Proof: Denote $P(x,y)$ as the assertion that $f(-f(x)-f(y))=1-x-y$.
From $P(-f(x)-f(0),-f(3)-f(0))$, we have:
$$f(-f(-f(x)-f(0))-f(-f(3)-f(0))=1-(-f(x)-f(0))-(-f(3)-f(0))$$$$f(-(1-x-0)-(1-3-0))=1+f(x)+f(0)+f(3)+f(0)$$$$f(x+1)=f(x)+2f(0)+f(3)+1$$Since $2f(0)+f(3)+1$ is constant, let $2f(0)+f(3)+1=c_1$ for some integer $c_1$. Finally, we get:
$$f(x+1)=f(x)+c_1$$This implies that $f$ is a linear function.

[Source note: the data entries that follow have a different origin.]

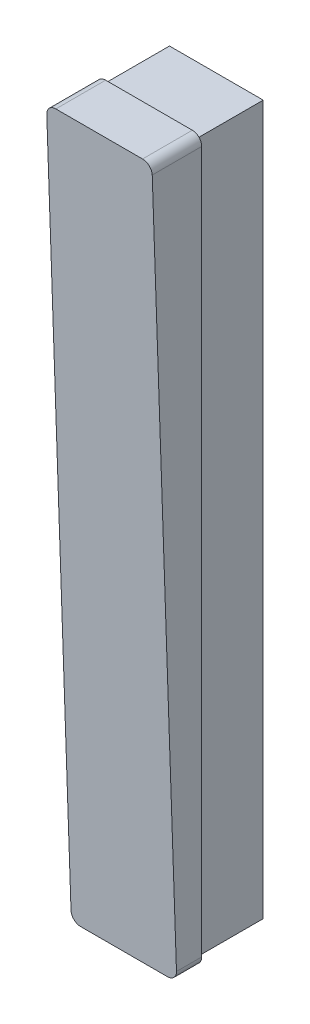
SolidWorks part; units mm, degrees
ref_plane "Front Plane" through (0, 0, 0) normal (0, 0, 1) x (1, 0, 0)
ref_plane "Top Plane" through (0, 0, 0) normal (0, 1, 0) x (1, 0, 0)
ref_plane "Right Plane" through (0, 0, 0) normal (1, 0, 0) x (0, 0, -1)
ref_plane "Plane1" through (-28.575, 0, 0) normal (-1, 0, 0) x (0, -1, 0)
sketch "Sketch1" plane through (-28.575, 0, 0) normal (-1, 0, 0) x (0, -1, 0)
  line L0 (195.2625, 13.4937) -> (-195.2625, 26.9875)
  line L1 (-195.2625, 26.9875) -> (-195.2625, 0)
  line L2 (-195.2625, 0) -> (195.2625, 0)
  line L3 (195.2625, 0) -> (195.2625, 13.4937)
  point P4 (0, 0)
  dimension "D1" = 390.525
  dimension "D2" = 26.9875
  dimension "D3" = 13.4937
extrude "Boss-Extrude1" add sketch "Sketch1" against normal blind 57.15
sketch "Sketch15" plane through (0, 0, 0) normal (0, 0, -1) x (-1, 0, 0)
  line L0 (25.4, -192.0875) -> (-25.4, -192.0875)
  line L1 (-25.4, -192.0875) -> (-25.4, 192.0875)
  line L2 (-25.4, 192.0875) -> (25.4, 192.0875)
  line L3 (25.4, 192.0875) -> (25.4, -192.0875)
  line L5 (-25.4, 192.0875) -> (25.4, -192.0875) construction
  line L6 (-25.4, -192.0875) -> (25.4, 192.0875) construction
  dimension "D1" = 384.175
  dimension "D2" = 50.8
extrude "Boss-Extrude7" add sketch "Sketch15" along normal blind 36.5125
hole_wizard "M8 Clearance Hole1" positions "Sketch23" profile "Sketch22" hole size "M8" standard "ANSI Metric"
sketch "Sketch23" plane through (0, 0, -36.5125) normal (0, 0, -1) x (-1, 0, 0)
  line L0 (25.4, 192.0875) -> (-25.4, 192.0875) construction
  line L1 (0, -122.2375) -> (0, 100.0125) construction
  line L3 (25.4, -192.0875) -> (25.4, 192.0875) construction
  line L4 (-25.4, 192.0875) -> (-25.4, -192.0875) construction
  point P0 (0, 100.0125)
  point P1 (0, -122.2375)
  dimension "D1" = 222.25
  dimension "D2" = 92.075
sketch "Sketch22" plane through (0, 100.0125, -36.5125) normal (1, 0, 0) x (0, 1, 0)
  line L0 (0, 0) -> (0, 26.8921)
  line L1 (0, 26.8921) -> (4.2164, 24.3586)
  line L2 (4.2164, 24.3586) -> (4.2164, 0)
  line L5 (4.2164, 0) -> (0, 0)
  line L10 (0, 26.8921) -> (-4.2164, 24.3586) construction
  line L11 (0, -6.35) -> (0, 107.95) construction
  dimension "Hole Dia." = 8.4328
  dimension "Hole Depth" = 24.3586
  dimension "Drill Angle" = 118
sketch3d "3DSketch1"
  line L0 (0, 144.4625, -36.5125) -> (0, -166.6875, -36.5125) construction
  line L1 (-25.4, 192.0875, -36.5125) -> (25.4, 192.0875, -36.5125) construction
  line L2 (25.4, -192.0875, -36.5125) -> (-25.4, -192.0875, -36.5125) construction
  point P0 (0, 144.4625, -36.5125)
  point P1 (0, -166.6875, -36.5125)
  dimension "D1" = 47.625
  dimension "D2" = 25.4
fillet "Fillet1" radius 5.08 4 edges at (-28.575, 195.2625, 13.4937) (-28.575, -195.2625, 6.7469) (28.575, 195.2625, 13.4937) (28.575, -195.2625, 6.7469) tangent propagation no
hole_wizard "3/4 NPT Tapped Hole1" positions "Sketch26" profile "Sketch27" size "3/4" standard "ANSI Inch"
sketch "Sketch26" plane through (0, 0, -36.5125) normal (0, 0, -1) x (-1, 0, 0)
  point P0 (0, 144.4625)
  point P3 (0, -166.6875)
sketch "Sketch27" plane through (0, 144.4625, -36.5125) normal (1, 0, 0) x (0, 1, 0)
  line L0 (0, 0) -> (0, 30.0276)
  line L1 (11.5062, 23.114) -> (0, 30.0276)
  line L2 (-11.5062, 23.114) -> (0, 30.0276) construction
  line L3 (11.5062, 23.114) -> (11.5062, 14.0462)
  line L4 (11.5062, 14.0462) -> (12.9142, 14.0462)
  line L5 (12.9142, 14.0462) -> (13.3348, 0)
  line L6 (-12.9142, 14.0462) -> (-13.3348, 0) construction
  line L7 (13.3348, 0) -> (0, 0)
  line L8 (0, -6.35) -> (0, 107.95) construction
  line L11 (-11.5062, 14.0462) -> (-12.9142, 14.0462) construction
  dimension "Tap Drill Dia." = 23.0124
  dimension "Tap Drill Depth" = 23.114
  dimension "Thread Dia." = 26.6695
  dimension "Thread Angle" = 3.43
  dimension "Thread Depth" = 14.0462
  dimension "Drill Angle" = 118

Therefore, $f(x)=c_1x+c_2$ for some integers $c_1$ and $c_2$.
By substituting this back to our equation, we find that the only possible solution is $f(x)=x-1$.
DVDthe1st
16.08.2019 00:37
Posted before.
lazizbek42
23.12.2021 21:36
dutch imo tst
jasperE3
30.03.2022 17:19
Let $g(x)=-f(x)$. The equation is: $$P(x,y):g(g(x)+g(y))=x+y-1.$$$P(x,0)\Rightarrow g(g(x)+g(0))=x-1\Rightarrow g$ is bijective. $P(x+y,0)\Rightarrow g(g(x+y)+g(0))=x+y-1=g(g(x)+g(y))\Rightarrow g(x+y)+g(0)=g(x)+g(y)$ Let $h(x)=g(x)-g(0)$, then $h$ is additive so linear. This means that $g$ is linear, so $f$ is linear. Testing, the only solution is $\boxed{f(x)=x-1}$.